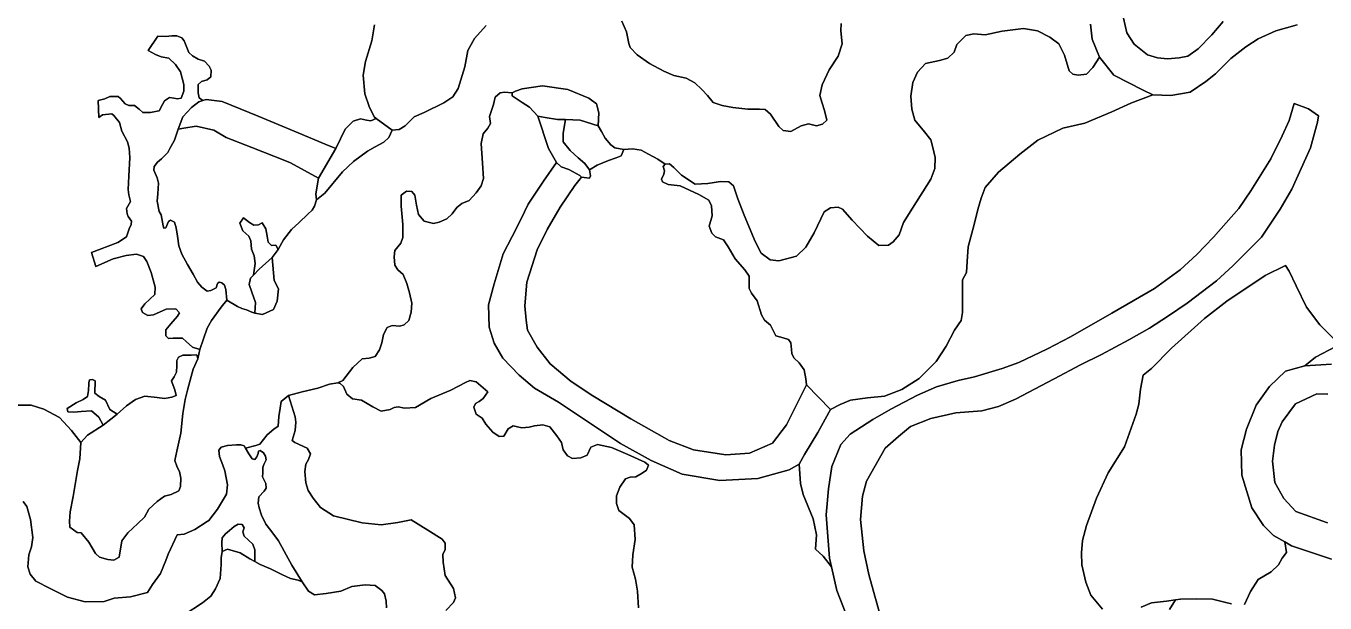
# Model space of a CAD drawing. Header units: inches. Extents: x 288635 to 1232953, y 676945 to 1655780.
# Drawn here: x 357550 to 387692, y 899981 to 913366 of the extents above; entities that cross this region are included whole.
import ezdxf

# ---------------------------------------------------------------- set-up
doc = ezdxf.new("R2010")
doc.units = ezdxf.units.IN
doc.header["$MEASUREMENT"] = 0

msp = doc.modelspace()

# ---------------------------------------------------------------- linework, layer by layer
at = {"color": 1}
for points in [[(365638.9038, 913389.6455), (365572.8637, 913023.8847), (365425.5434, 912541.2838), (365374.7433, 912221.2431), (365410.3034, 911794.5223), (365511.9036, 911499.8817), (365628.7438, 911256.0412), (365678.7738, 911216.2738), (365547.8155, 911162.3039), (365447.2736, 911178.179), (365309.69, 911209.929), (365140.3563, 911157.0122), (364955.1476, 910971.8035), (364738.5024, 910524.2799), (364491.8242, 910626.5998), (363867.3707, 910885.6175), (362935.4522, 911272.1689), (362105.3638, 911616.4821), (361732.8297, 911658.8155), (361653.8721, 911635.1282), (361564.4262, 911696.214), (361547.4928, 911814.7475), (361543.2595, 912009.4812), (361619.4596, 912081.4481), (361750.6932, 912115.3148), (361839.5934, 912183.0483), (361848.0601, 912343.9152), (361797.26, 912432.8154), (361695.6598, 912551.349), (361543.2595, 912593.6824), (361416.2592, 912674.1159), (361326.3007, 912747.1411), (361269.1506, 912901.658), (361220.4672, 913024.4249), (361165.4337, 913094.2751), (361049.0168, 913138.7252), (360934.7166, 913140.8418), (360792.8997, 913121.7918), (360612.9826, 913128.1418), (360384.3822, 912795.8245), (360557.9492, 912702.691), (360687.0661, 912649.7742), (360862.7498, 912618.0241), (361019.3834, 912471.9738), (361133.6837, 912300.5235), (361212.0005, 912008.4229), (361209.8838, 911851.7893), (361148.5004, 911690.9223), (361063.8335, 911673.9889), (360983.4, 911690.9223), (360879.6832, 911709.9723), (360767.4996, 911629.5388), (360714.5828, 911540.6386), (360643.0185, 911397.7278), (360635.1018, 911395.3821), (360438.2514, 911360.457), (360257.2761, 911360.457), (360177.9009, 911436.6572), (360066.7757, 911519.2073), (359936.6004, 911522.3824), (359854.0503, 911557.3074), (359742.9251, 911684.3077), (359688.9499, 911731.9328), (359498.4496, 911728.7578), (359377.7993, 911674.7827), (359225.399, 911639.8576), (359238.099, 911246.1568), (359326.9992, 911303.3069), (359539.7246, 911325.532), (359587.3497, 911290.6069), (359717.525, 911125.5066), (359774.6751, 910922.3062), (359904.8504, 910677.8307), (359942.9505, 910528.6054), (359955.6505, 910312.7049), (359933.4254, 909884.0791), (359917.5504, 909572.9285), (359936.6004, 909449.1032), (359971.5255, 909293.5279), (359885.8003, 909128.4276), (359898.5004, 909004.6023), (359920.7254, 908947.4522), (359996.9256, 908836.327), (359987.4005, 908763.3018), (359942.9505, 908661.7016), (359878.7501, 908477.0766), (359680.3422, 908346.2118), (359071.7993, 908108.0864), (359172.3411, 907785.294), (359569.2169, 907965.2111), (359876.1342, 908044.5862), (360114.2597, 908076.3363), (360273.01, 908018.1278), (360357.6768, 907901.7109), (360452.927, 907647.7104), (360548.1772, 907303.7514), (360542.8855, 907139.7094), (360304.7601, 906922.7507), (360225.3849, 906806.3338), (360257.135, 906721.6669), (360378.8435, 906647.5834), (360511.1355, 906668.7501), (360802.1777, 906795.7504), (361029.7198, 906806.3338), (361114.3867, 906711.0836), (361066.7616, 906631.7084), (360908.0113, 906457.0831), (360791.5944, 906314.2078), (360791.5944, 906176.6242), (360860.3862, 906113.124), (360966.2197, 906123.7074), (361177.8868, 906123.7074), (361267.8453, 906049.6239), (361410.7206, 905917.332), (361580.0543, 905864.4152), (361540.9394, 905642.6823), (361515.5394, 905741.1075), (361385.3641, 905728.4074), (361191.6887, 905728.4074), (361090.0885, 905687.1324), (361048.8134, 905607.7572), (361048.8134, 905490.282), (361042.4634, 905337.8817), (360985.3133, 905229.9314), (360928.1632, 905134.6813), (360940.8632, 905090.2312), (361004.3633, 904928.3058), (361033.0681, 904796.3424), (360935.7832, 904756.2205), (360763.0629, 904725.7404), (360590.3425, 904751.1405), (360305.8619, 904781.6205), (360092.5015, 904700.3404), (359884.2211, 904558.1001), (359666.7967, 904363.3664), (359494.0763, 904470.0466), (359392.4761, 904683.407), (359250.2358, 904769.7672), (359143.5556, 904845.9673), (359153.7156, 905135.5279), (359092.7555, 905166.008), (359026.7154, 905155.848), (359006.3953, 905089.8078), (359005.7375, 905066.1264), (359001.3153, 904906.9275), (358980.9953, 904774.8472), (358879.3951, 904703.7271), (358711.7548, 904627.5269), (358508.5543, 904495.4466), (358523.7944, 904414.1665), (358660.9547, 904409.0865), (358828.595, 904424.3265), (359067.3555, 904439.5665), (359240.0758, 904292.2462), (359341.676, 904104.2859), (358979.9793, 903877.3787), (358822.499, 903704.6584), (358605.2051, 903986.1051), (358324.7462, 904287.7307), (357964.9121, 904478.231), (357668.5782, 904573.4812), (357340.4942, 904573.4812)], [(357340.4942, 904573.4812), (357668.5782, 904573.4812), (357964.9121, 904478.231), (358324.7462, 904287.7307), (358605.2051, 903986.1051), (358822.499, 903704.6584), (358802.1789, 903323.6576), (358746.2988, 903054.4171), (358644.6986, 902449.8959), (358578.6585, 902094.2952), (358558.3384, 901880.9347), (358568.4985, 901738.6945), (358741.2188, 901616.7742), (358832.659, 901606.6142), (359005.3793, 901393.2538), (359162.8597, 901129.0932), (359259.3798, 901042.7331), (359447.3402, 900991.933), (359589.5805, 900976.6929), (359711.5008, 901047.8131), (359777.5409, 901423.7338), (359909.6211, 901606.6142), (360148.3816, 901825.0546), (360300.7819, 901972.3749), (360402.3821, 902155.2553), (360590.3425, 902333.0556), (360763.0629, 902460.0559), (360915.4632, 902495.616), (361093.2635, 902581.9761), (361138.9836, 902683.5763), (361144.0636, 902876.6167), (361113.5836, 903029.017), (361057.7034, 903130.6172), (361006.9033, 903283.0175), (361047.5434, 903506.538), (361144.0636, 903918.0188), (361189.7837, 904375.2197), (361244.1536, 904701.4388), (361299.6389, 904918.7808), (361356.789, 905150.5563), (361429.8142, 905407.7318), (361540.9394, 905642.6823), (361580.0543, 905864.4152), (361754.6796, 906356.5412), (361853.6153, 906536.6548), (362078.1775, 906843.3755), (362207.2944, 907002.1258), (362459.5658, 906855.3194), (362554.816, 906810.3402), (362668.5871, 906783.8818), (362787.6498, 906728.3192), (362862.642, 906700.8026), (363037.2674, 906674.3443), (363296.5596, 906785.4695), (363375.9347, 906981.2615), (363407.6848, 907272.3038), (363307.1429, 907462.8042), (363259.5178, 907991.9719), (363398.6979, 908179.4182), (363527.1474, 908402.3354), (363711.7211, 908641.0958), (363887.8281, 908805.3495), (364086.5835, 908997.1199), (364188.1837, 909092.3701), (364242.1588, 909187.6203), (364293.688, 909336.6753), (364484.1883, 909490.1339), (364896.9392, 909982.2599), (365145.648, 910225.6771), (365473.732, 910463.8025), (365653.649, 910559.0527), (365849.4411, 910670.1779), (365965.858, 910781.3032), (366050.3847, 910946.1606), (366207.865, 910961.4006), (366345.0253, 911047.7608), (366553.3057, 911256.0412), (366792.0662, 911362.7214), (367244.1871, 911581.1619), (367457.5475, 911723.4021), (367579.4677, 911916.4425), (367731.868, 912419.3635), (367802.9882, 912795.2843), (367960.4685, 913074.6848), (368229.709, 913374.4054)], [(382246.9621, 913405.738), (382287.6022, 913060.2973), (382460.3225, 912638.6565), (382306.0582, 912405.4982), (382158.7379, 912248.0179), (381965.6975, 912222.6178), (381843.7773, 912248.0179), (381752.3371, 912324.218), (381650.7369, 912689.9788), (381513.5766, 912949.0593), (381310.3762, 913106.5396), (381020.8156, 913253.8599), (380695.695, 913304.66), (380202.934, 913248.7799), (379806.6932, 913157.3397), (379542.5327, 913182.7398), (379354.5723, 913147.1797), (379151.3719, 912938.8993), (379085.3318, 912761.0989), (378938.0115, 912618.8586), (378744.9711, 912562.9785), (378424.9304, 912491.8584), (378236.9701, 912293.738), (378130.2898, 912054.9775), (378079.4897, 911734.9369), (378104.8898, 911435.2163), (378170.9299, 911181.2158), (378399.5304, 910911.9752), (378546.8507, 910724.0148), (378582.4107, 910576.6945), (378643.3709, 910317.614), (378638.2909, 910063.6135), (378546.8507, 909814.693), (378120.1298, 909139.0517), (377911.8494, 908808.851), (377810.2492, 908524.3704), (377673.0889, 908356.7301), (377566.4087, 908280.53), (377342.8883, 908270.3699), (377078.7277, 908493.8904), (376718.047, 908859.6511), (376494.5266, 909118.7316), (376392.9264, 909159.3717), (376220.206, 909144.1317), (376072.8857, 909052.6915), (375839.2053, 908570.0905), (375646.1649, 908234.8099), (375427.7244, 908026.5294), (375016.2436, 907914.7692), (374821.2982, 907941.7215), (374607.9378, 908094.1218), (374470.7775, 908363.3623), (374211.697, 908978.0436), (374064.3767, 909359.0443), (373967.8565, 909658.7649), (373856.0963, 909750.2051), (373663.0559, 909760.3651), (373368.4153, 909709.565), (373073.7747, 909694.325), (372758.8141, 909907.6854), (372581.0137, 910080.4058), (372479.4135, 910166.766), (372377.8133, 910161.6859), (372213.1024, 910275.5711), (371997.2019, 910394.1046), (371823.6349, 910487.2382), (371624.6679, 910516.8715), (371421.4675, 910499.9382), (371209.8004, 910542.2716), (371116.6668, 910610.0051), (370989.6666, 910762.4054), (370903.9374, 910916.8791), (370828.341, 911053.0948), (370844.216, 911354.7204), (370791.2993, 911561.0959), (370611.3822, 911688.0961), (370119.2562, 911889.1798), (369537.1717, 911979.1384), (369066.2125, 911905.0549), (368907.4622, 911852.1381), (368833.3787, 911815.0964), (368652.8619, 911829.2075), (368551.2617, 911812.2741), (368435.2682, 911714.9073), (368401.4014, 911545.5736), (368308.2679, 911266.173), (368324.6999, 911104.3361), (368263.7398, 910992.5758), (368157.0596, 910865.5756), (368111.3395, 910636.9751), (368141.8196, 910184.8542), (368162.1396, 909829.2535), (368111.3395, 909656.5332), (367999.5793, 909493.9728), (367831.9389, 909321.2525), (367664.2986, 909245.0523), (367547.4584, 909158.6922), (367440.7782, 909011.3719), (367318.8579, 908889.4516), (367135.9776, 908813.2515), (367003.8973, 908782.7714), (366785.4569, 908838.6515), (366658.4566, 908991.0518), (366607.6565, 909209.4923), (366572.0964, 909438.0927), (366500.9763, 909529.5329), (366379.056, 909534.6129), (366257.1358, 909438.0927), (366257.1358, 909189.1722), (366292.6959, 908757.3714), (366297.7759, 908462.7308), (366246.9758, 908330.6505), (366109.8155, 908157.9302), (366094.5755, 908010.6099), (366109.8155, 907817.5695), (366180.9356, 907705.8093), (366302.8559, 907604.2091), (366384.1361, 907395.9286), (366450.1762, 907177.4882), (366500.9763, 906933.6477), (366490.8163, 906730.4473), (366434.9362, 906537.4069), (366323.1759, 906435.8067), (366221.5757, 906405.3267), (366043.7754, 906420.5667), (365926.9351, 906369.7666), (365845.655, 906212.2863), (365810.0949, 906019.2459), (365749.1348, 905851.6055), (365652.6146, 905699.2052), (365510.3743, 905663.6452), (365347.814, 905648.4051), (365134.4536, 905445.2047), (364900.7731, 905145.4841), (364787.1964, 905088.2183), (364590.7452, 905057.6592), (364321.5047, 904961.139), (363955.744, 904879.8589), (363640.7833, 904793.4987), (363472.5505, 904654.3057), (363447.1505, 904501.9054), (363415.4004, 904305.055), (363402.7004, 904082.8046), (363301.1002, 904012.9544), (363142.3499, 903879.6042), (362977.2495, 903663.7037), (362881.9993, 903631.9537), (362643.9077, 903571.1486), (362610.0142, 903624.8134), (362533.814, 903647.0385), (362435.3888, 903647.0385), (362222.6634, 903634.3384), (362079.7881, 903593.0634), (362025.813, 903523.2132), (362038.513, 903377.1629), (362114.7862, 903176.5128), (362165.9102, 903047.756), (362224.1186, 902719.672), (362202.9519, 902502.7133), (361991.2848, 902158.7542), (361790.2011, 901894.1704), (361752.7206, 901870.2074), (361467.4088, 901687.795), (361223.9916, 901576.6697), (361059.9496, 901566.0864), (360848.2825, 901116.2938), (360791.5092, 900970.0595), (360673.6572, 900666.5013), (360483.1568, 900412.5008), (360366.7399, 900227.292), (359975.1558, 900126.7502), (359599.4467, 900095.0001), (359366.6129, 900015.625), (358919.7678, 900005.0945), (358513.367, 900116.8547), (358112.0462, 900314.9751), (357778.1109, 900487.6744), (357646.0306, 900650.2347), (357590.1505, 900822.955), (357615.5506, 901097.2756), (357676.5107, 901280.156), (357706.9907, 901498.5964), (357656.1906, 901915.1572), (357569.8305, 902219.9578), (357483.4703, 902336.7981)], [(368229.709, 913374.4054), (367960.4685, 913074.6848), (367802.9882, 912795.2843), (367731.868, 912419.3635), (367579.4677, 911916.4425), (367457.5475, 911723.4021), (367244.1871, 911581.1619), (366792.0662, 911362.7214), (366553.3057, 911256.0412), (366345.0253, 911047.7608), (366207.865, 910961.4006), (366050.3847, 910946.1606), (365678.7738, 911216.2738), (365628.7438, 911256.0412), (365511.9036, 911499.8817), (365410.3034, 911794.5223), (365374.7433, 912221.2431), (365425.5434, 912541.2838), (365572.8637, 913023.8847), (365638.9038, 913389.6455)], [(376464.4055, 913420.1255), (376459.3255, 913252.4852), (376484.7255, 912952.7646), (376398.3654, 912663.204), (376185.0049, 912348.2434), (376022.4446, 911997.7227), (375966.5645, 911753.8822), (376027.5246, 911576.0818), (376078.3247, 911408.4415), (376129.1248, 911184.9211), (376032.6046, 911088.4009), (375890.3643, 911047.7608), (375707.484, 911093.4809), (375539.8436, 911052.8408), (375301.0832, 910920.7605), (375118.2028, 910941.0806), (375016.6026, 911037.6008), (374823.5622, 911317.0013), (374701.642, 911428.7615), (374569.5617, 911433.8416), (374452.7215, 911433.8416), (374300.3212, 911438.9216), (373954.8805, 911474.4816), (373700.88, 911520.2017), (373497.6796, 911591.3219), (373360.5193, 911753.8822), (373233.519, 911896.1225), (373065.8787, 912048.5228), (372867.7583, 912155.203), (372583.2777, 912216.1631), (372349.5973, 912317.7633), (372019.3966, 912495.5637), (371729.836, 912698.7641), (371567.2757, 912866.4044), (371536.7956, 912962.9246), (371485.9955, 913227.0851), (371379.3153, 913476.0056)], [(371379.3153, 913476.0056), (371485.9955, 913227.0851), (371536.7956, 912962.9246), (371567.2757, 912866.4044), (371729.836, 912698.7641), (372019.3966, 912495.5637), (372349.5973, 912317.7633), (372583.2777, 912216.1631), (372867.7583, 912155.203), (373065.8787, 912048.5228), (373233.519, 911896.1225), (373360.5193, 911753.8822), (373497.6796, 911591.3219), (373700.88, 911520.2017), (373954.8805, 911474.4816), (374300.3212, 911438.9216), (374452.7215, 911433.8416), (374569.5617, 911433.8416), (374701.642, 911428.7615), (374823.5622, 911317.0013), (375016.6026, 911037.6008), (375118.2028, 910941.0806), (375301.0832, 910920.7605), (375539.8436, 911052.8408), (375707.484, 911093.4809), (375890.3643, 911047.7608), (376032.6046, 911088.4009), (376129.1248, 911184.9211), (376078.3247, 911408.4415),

—————

## Aim of the exercise
Locate all lines in the listing above with the word "ezdxf". Copy them.

## Exercise answer
import ezdxf
doc = ezdxf.new("R2010")
doc.units = ezdxf.units.IN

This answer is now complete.